Going from 30 min on CPU to 0.4 sec on GPU can mean only one thing - you had a r...

brigade · on Dec 21, 2016

Going further, power for power on the current generation, for SGEMM, i'd expect GPUs to beat CPUs by maybe 5x (6700k has a theoretical 512 gflops at 91W, while xeons can come a bit shy of 1.5 tflops at 145w)

Which is still pretty major, but nowhere near the wild claims that used to be common in academic papers. It's outdated, but [1] is still pretty good reading.

[1] http://sbel.wisc.edu/Courses/ME964/Literature/LeeDebunkGPU20...

benjaminPKP · on Dec 21, 2016

We implemented the LeNet-5 convolutional neural network, and yes when run sequentially it really does take that long. The sequential code that took that long was also written by professors who worked at NVIDIA, it was written as well as it could be sequentially. The project was a competition to see how fast we could have it go in parallel so we used a ton of parallelization techniques and tricks like streaming to make it go at .4 sec. Think again before you call someones code "crappy"

p1esk · on Dec 21, 2016

I just did a quick test for Lenet-5, using Theano + CuDNN 5, Xeon E5-1620v2 3.7GHz, Maxwell Titan X GPU:

Two conv layers (6 and 12 feature maps, 5x5 filters), one fully connected layer (120 neurons), activation=Tanh, pooltype: average (excluding padding), cost=Negative Log Likelihood.

Learning rate=0.20, minibatch size=100, dropout = 0.0, L2 lambda=0.0, momentum=0.0, initialization: normal

Training for 10 epochs:

CPU: 172 sec, GPU: 14 sec.

When decreasing batch size to 20 images, the numbers are: CPU: 318 sec, GPU: 38 sec.

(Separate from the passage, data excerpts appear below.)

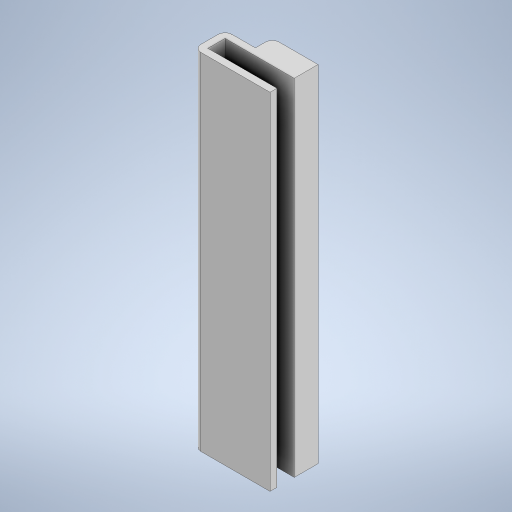
# Autodesk Inventor part: magnet
Saved by Autodesk Inventor 2024 (Build 280153000, 153)
## iProperties
Created: 2024-01-25
Part Number: magnet
Material: Generic
Document SubType Name: Modeling
Designer: Luke.Macenski3281
Density: 1 g/cm^3
Appearance: Default
Author: Luke.Macenski3281
Autodesk Inventor part; units mm, degrees
ref_plane "YZ Plane" through (0, 0, 0) normal (1, 0, 0) x (0, 1, 0)
ref_plane "XZ Plane" through (0, 0, 0) normal (0, 1, 0) x (-1, 0, 0)
ref_plane "XY Plane" through (0, 0, 0) normal (0, 0, 1) x (1, 0, 0)
sketch "Sketch1" plane through (0, 0, 0) normal (0, 1, 0) x (-1, 0, 0)
  line L0 (0, 0) -> (25.4, 0)
  line L1 (25.4, 0) -> (25.4, 2.54)
  line L2 (25.4, 2.54) -> (0, 2.54)
  line L3 (0, 2.54) -> (0, 0)
  line L4 (25.4, 2.54) -> (27.94, 2.54)
  line L5 (27.94, 2.54) -> (27.94, -8.89)
  line L6 (27.94, -8.89) -> (25.4, -8.89)
  line L7 (25.4, -8.89) -> (25.4, 2.54)
  line L8 (-1.2994, 2.54) -> (27.94, 2.54)
  line L9 (25.4, -8.89) -> (0, -8.89)
  line L10 (0, -8.89) -> (0, -6.35)
  line L11 (0, -6.35) -> (25.4, -6.35)
  line L12 (25.4, -6.35) -> (25.4, -8.89)
  line L13 (8.3183, -8.89) -> (0, -8.89)
  line L14 (0, -8.89) -> (0, -12.3973)
  line L15 (0, -12.3973) -> (8.3183, -12.3973)
  line L16 (8.3183, -12.3973) -> (8.3183, -8.89)
  line L17 (0, -12.3973) -> (0, -6.35)
  line L18 (8.3183, -12.3973) -> (16.7954, -12.3973)
  line L19 (16.7954, -12.3973) -> (16.7954, -8.89)
  line L20 (16.7954, -8.89) -> (8.3183, -8.89)
  line L21 (8.3183, -8.89) -> (8.3183, -12.3973)
  line L22 (0, -12.3973) -> (16.7954, -12.3973)
  line L23 (16.7954, -12.3973) -> (16.7954, -15.1027)
  line L24 (16.7954, -15.1027) -> (0, -15.1027)
  line L25 (0, -15.1027) -> (0, -12.3973)
  point P0 (26.67, 2.54)
  point P1 (26.67, -8.89)
  point P2 (0, -8.89)
  point P3 (0, -8.89)
  dimension "d0" = 25.4
  dimension "d1" = 2.54
  dimension "d2" = 2.54
  dimension "d3" = 11.43
  dimension "d4" = 2.54
  constraints: 52 end point, 12 parallel, 6 horizontal, 6 perpendicular, 4 point on line, 2 midpoint
  measures "d0" distance of L2.end L1.end
  measures "d1" distance between parallel lines of L0 L2
  measures "d2" distance of L5.end L6.end
  measures "d3" distance of point (26.67, 2.54) point (26.67, -8.89)
  measures "d4" distance between parallel lines of L9 L11
extrude "Extrusion1" add sketch "Sketch1" along normal blind 127
sketch "Sketch4" plane through (0, 0, -15.1027) normal (0, 0, -1) x (-1, 0, 0)
  circle A0 centre (8.4134, 114.3) radius 4.95
  line L0 (16.7954, 0) -> (16.7954, 127) projected
  circle A1 centre (8.4134, 88.9) radius 4.95
  circle A2 centre (8.4134, 63.5) radius 4.95
  circle A3 centre (8.4134, 38.1) radius 4.95
  circle A4 centre (8.4134, 12.7) radius 4.95
  line L1 (0, 127) -> (16.7954, 127) projected
  point P0 (0, 0)
  dimension "d15" = 9.9
  dimension "d16" = 8.382
  dimension "d19" = 25.4
  dimension "d24" = 12.7
  constraints: 5 centre point, 1 vertical, 8 other
  measures "d15" diameter of A0
  measures "d16" distance from line of L0 A0.centre
  measures "d19" distance of A0.centre A1.centre
  measures "d24" distance from line of L1 A0.centre
extrude "Extrusion3" cut sketch "Sketch4" against normal blind 3
fillet "Fillet3" radius 2.54 3 edges at (-27.94, 63.5, -8.89) (-27.94, 63.5, 2.54) (-16.7954, 63.5, -15.1027)
body "Solid1"

So yeah, the CPU code your professors wrote was really crappy.

nkurz · on Dec 21, 2016

I'll add my vote to the side saying "poorly optimized CPU code". This doesn't mean that the code is "crappy", but if you are more than 1000x faster on the GPU than CPU, there is almost certainly the potential for improved performance on the CPU. Optimization is hard, and depending on their area of focus, professors who worked at NVIDIA may not be in the best position to get top performance out of modern Intel CPU's.

I'd be betting that someone with low level optimization expertise (comparable to what you appear to have done with the GPU) could get at least another 10x out of the CPU version. You are completely right that GPU's have the potential for great increases over the current normal, but there's also (typically) room for large improvement on modern CPU's as well.

benjaminPKP · on Dec 21, 2016

It's actually about 75x faster, not 1000x. I mean there's a difference between parallelizing basic code vs something like the LeNet-5. The sequential code was pretty standard. I mean I'm sure the CPU code could've been optimized more, I'm not trying to argue, I just thought it was interesting to see how fast you can make some CUDA code go

p1esk · on Dec 21, 2016

Wait, did you make a typo, and it was 30 seconds for the CPU run time, not 30 minutes? If so, then yes, that's more realistic.

benjaminPKP · on Dec 21, 2016

Oh wow. Now that's embarrassing. My bad for stirring things up with that

Asooka · on Dec 21, 2016

You can actually get some gain in CPU performance by writing in OpenCL. That's because OpenCL code is meant to be easily parallelisable and consumed by wide SIMD units, so Intel's compiler can do a lot more autovectorising than for C code.

CyberDildonics · on Dec 21, 2016

> Think again before you call someones code "crappy"

Lets see it then. Most cpu programs have enormous amounts of fat left in them from cache misses and poor or no use of SIMD.

brigade · on Dec 21, 2016

I'll second p1esk calling the CPU version barely optimized based solely on the numbers you're providing. Unless you're comparing a D410 against a Titan X?

benjaminPKP · on Dec 21, 2016

It was run on a tesla k80 cluster, so pretty high end. But the reason we were able to get such acceleration is because we wrote the the low-end CUDA code, using as much register memory and shared memory as possible, while using good streaming techniques (which really accelerates it), as well as matrix multiplication techniques faster than SGEMM. The batch size was also huge that the code was run on. Since we wrote the low-end CUDA code we were also able to prevent control-divergence as much as possible by using knowledge on warps and how dram bursts occur. We weren't using any API like openACC or anything for help, we wrote CUDA code with some pretty good optimizations. The numbers are real, and a lot of the optimizations come from understanding how the nested loops in the LeNet-5 CNN work together. All I'm saying is this shows how well GPUs can speed things up when writing efficient GPU code.